In Europe, ECB President Mario Draghi re-iterated his opinion that it is too early to begin scaling back stimulus measures in his remarks to the Dutch Parliament. He again stressed that underlying inflation measures remain subdued despite the pick-up in leading indicators of economic activity.
In the USA, retail sales increased by 0.4% in April. The annualised Inflation rate increased to 2.2% in April. Both sets of data would appear to support the case for another US interest rate rise in June.
OPEC and Russia appear on course to extend their oil output cuts with Saudi Arabia saying the oil cartel is prepared to do ‘whatever it takes’ to end the supply gut. Comments from the Saudi Energy Minister appear to suggest that it would favour an extension out to the end of the 1st quarter of 2018. Brent oil recovered to above $50 as US crude inventories posted their steepest decline of the year.

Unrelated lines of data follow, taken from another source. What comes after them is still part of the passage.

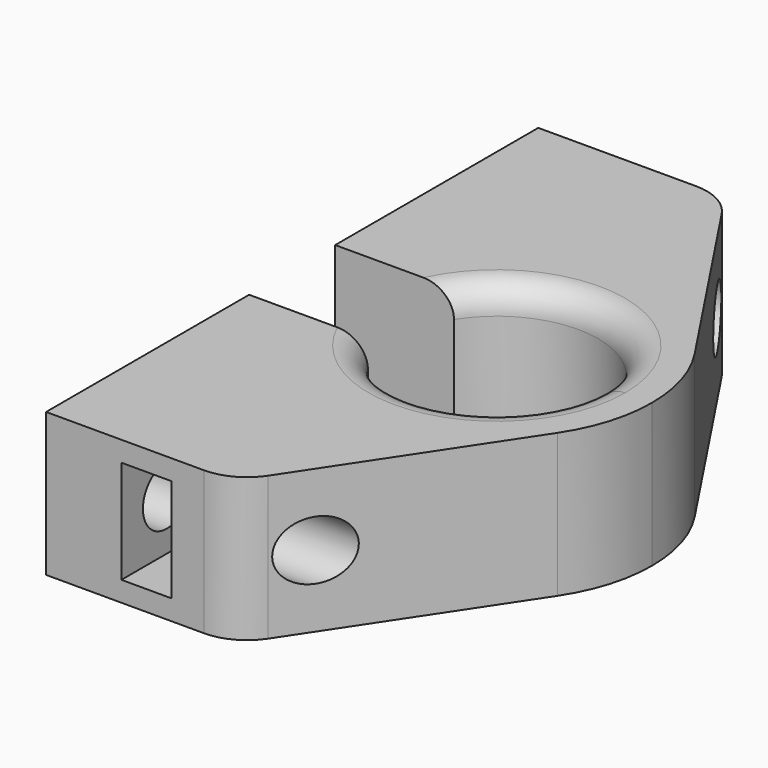
from build123d import *

# Parameters (mm, degrees)
F3_DEPTH = 8
F4_DEPTH = 1
F5_R     = 1.65
F6_DEPTH = 13.5965032877
F9_DEPTH = 2.8
F10_R    = 1.5
F11_R    = 3


# Not quite as in the source:
# - a pattern or mirror of a feature is missing from the dataset's text; its kind, count and spacing are read off the source's solid
# - a feature names something its author has since deleted; it is built from what else it names


with BuildPart() as f3:
    # F2 (on Top) → F3 (new body)
    with BuildSketch(Plane.XY):
        with BuildLine():
            Line((-11.41, 3), (-8.1131066799, 3))
            ThreePointArc((-8.1131066799, 3), (-0.999988831, 8.5920033949), (7.2072655829, 4.7830767104))
            Line((7.2072655829, 4.7830767104), (-1, 17.15))
            Line((-1, 17.15), (-11.41, 17.15))
            Line((-11.41, 17.15), (-11.41, 3))
        make_face()
        with BuildLine():
            ThreePointArc((7.2072655829, -4.7830767104), (-0.999988831, -8.5920033949), (-8.1131066799, -3))
            Line((-8.1131066799, -3), (-11.41, -3))
            Line((-11.41, -3), (-11.41, -17.15))
            Line((-11.41, -17.15), (-1, -17.15))
            Line((-1, -17.15), (7.2072655829, -4.7830767104))
        make_face()
        with BuildLine():
            ThreePointArc((-4.7877447718, 3), (1.5607277212, 5.430159204), (5.65, 0))
            ThreePointArc((5.65, 0), (1.5607277212, -5.430159204), (-4.7877447718, -3))
            Line((-4.7877447718, -3), (-8.1131066799, -3))
            ThreePointArc((-8.1131066799, -3), (-0.999988831, -8.5920033949), (7.2072655829, -4.7830767104))
            ThreePointArc((7.2072655829, -4.7830767104), (8.2814656702, -2.4979644421), (8.65, 0))
            ThreePointArc((8.65, 0), (8.2814656702, 2.4979644421), (7.2072655829, 4.7830767104))
            ThreePointArc((7.2072655829, 4.7830767104), (-0.999988831, 8.5920033949), (-8.1131066799, 3))
            Line((-8.1131066799, 3), (-4.7877447718, 3))
        make_face()
    extrude(amount=F3_DEPTH)

    # F2 (on Top) → F4 (join)
    with BuildSketch(Plane.XY):
        with BuildLine():
            ThreePointArc((-4.7877447718, -3), (1.5607277212, -5.430159204), (5.65, 0))
            ThreePointArc((5.65, 0), (1.5607277212, 5.430159204), (-4.7877447718, 3))
            Line((-4.7877447718, 3), (-3.9373214245, 3))
            ThreePointArc((-3.9373214245, 3), (1.5831549117, 4.6900021882), (4.95, 0))
            ThreePointArc((4.95, 0), (1.5831549117, -4.6900021882), (-3.9373214245, -3))
            Line((-3.9373214245, -3), (-4.7877447718, -3))
        make_face()
    extrude(amount=F4_DEPTH)

    # F5 (on face) → F6 (cut, through all)
    with BuildSketch(Plane(origin=(-11.41, 0, 0), x_dir=(0, -1, 0), z_dir=(-1, 0, 0))):
        with Locations((14, 4)):
            Circle(F5_R)
        with Locations((-14, 4)):
            Circle(F5_R)
    extrude(amount=-F6_DEPTH, mode=Mode.SUBTRACT)

    # F8 (on offset) → F9 (cut)
    with BuildSketch(Plane(origin=(-7.21, 0, 0), x_dir=(0, -1, 0), z_dir=(-1, 0, 0))):
        Polygon((17.15, 6.875), (15.6598820239, 6.875), (17.15, 4.2940399562), align=None)
        Polygon((17.15, 4.2940399562), (15.6598820239, 6.875), (12.3401179761, 6.875), (10.6802359522, 4), (12.3401179761, 1.125), (15.6598820239, 1.125), (17.15, 3.7059600438), align=None)
        Polygon((17.3197640478, 4), (17.15, 4.2940399562), (17.15, 3.7059600438), align=None)
        Polygon((17.15, 1.125), (17.15, 3.7059600438), (15.6598820239, 1.125), align=None)
    f9 = extrude(amount=-F9_DEPTH, mode=Mode.SUBTRACT)

    # F9_copies: F9 across plane
    add(f9.mirror(Plane.ZX), mode=Mode.SUBTRACT)

    # F10
    f10_edges = [f3.edges().sort_by_distance(p)[0] for p in [
        (5.65, 0, 8),
    ]]
    fillet(f10_edges, radius=F10_R)

    # F11
    f11_edges = [f3.edges().sort_by_distance(p)[0] for p in [
        (-1, -17.15, 4),
        (-1, 17.15, 4),
    ]]
    fillet(f11_edges, radius=F11_R)


solid = f3.part

It appears that Friday’s global computer attack was felt across 150 countries, impacting a number of Government services including the UK’s NHS. This has served as an important reminder of the vulnerabilities of global IT infrastructure, as the internet continues its dominance of our day to day lives. One suspects that cyber-security companies will be receiving plenty of new business enquiries this morning.
Finally, yet another example of how central bank policy has resulted in unintended consequences. We learn Swedish businesses and individuals overpaid 40bn Krona (£3.5bn) in tax last year. Why? Rather than be charged interest of 0.65% on bank deposits, due to central bank negative interest rates, Swedes took full advantage of their government paying them interest of 0.56% on overpaid tax!